Your task is to copy the records that follow exactly, minus any images.

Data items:
[Start of Attachment]
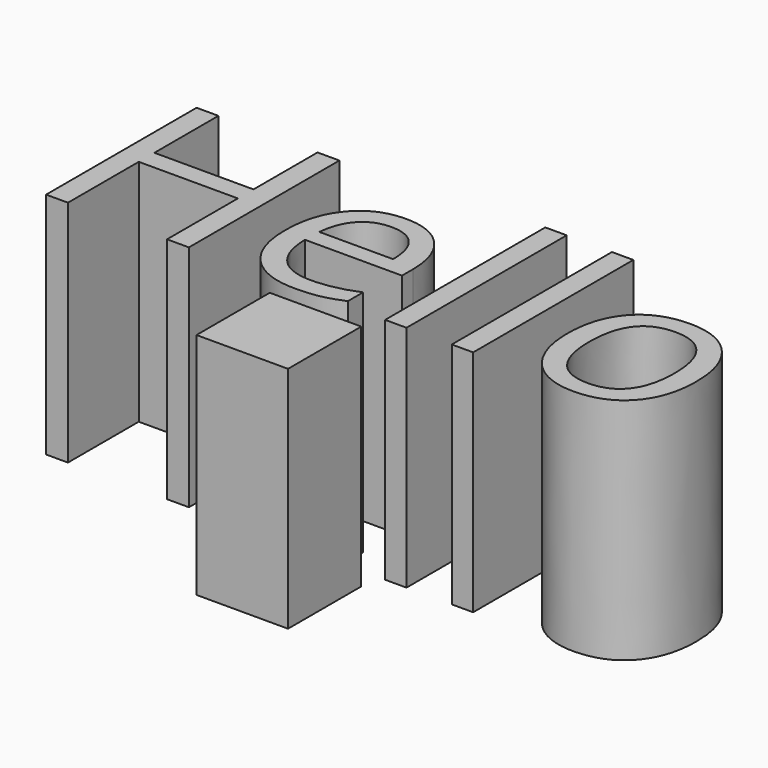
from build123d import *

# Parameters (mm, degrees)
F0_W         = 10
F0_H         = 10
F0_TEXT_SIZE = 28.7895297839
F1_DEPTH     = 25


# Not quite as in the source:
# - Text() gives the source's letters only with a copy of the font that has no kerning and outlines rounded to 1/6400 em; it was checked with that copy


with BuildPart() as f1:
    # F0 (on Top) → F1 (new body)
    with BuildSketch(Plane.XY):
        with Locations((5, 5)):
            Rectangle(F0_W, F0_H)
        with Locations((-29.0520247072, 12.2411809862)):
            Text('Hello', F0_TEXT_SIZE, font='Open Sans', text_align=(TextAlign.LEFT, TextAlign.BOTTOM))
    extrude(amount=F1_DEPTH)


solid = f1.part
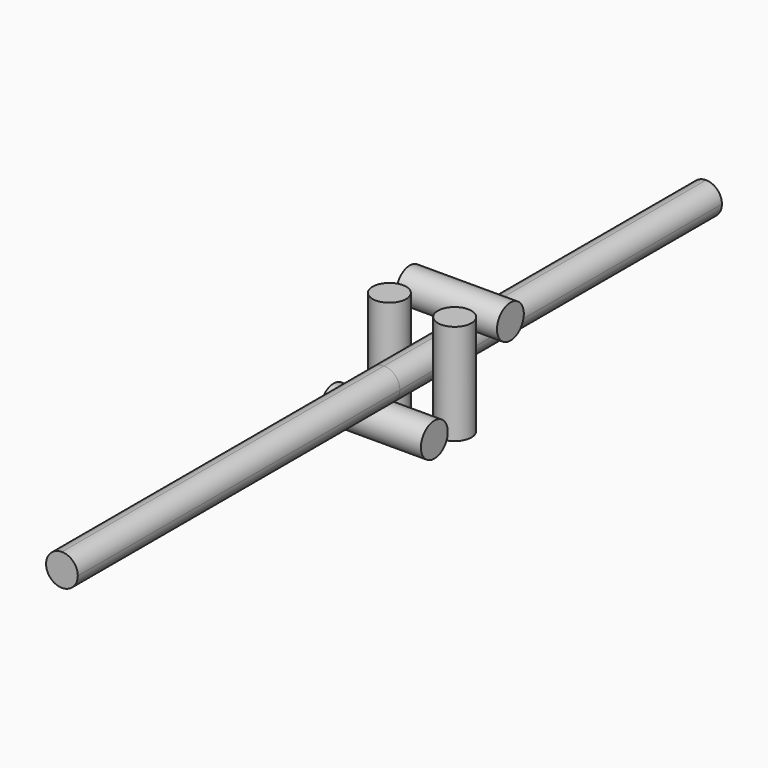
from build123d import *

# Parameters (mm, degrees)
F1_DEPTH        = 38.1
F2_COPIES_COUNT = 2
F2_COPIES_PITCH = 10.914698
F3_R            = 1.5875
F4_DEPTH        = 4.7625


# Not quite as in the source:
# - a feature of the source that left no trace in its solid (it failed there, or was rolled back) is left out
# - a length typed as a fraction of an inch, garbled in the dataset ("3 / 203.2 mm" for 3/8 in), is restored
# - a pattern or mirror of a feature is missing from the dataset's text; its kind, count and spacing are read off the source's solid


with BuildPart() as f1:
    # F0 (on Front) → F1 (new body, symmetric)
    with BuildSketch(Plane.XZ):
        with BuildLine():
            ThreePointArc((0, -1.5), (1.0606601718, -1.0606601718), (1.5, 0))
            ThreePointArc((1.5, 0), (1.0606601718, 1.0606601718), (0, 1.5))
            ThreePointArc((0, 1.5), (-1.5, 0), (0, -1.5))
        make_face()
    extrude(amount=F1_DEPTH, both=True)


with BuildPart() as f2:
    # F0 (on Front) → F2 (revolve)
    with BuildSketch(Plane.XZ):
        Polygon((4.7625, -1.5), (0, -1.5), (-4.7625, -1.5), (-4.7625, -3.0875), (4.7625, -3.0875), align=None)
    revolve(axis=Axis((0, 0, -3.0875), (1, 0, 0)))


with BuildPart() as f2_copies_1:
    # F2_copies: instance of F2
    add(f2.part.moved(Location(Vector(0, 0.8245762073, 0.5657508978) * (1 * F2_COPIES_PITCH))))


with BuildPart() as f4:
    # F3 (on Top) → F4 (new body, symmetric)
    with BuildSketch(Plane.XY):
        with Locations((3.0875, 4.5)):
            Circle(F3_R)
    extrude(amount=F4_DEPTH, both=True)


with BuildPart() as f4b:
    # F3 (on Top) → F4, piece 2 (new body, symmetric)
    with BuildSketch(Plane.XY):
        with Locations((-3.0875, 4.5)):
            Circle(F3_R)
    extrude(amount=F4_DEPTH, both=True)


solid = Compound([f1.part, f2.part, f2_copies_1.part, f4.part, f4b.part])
[End of Attachment]
Reply to the exercise
from build123d import *

# Parameters (mm, degrees)
F0_W         = 10
F0_H         = 10
F0_TEXT_SIZE = 28.7895297839
F1_DEPTH     = 25


# Not quite as in the source:
# - Text() gives the source's letters only with a copy of the font that has no kerning and outlines rounded to 1/6400 em; it was checked with that copy


with BuildPart() as f1:
    # F0 (on Top) → F1 (new body)
    with BuildSketch(Plane.XY):
        with Locations((5, 5)):
            Rectangle(F0_W, F0_H)
        with Locations((-29.0520247072, 12.2411809862)):
            Text('Hello', F0_TEXT_SIZE, font='Open Sans', text_align=(TextAlign.LEFT, TextAlign.BOTTOM))
    extrude(amount=F1_DEPTH)


solid = f1.part
from build123d import *

# Parameters (mm, degrees)
F1_DEPTH        = 38.1
F2_COPIES_COUNT = 2
F2_COPIES_PITCH = 10.914698
F3_R            = 1.5875
F4_DEPTH        = 4.7625


# Not quite as in the source:
# - a feature of the source that left no trace in its solid (it failed there, or was rolled back) is left out
# - a length typed as a fraction of an inch, garbled in the dataset ("3 / 203.2 mm" for 3/8 in), is restored
# - a pattern or mirror of a feature is missing from the dataset's text; its kind, count and spacing are read off the source's solid


with BuildPart() as f1:
    # F0 (on Front) → F1 (new body, symmetric)
    with BuildSketch(Plane.XZ):
        with BuildLine():
            ThreePointArc((0, -1.5), (1.0606601718, -1.0606601718), (1.5, 0))
            ThreePointArc((1.5, 0), (1.0606601718, 1.0606601718), (0, 1.5))
            ThreePointArc((0, 1.5), (-1.5, 0), (0, -1.5))
        make_face()
    extrude(amount=F1_DEPTH, both=True)


with BuildPart() as f2:
    # F0 (on Front) → F2 (revolve)
    with BuildSketch(Plane.XZ):
        Polygon((4.7625, -1.5), (0, -1.5), (-4.7625, -1.5), (-4.7625, -3.0875), (4.7625, -3.0875), align=None)
    revolve(axis=Axis((0, 0, -3.0875), (1, 0, 0)))


with BuildPart() as f2_copies_1:
    # F2_copies: instance of F2
    add(f2.part.moved(Location(Vector(0, 0.8245762073, 0.5657508978) * (1 * F2_COPIES_PITCH))))


with BuildPart() as f4:
    # F3 (on Top) → F4 (new body, symmetric)
    with BuildSketch(Plane.XY):
        with Locations((3.0875, 4.5)):
            Circle(F3_R)
    extrude(amount=F4_DEPTH, both=True)


with BuildPart() as f4b:
    # F3 (on Top) → F4, piece 2 (new body, symmetric)
    with BuildSketch(Plane.XY):
        with Locations((-3.0875, 4.5)):
            Circle(F3_R)
    extrude(amount=F4_DEPTH, both=True)


solid = Compound([f1.part, f2.part, f2_copies_1.part, f4.part, f4b.part])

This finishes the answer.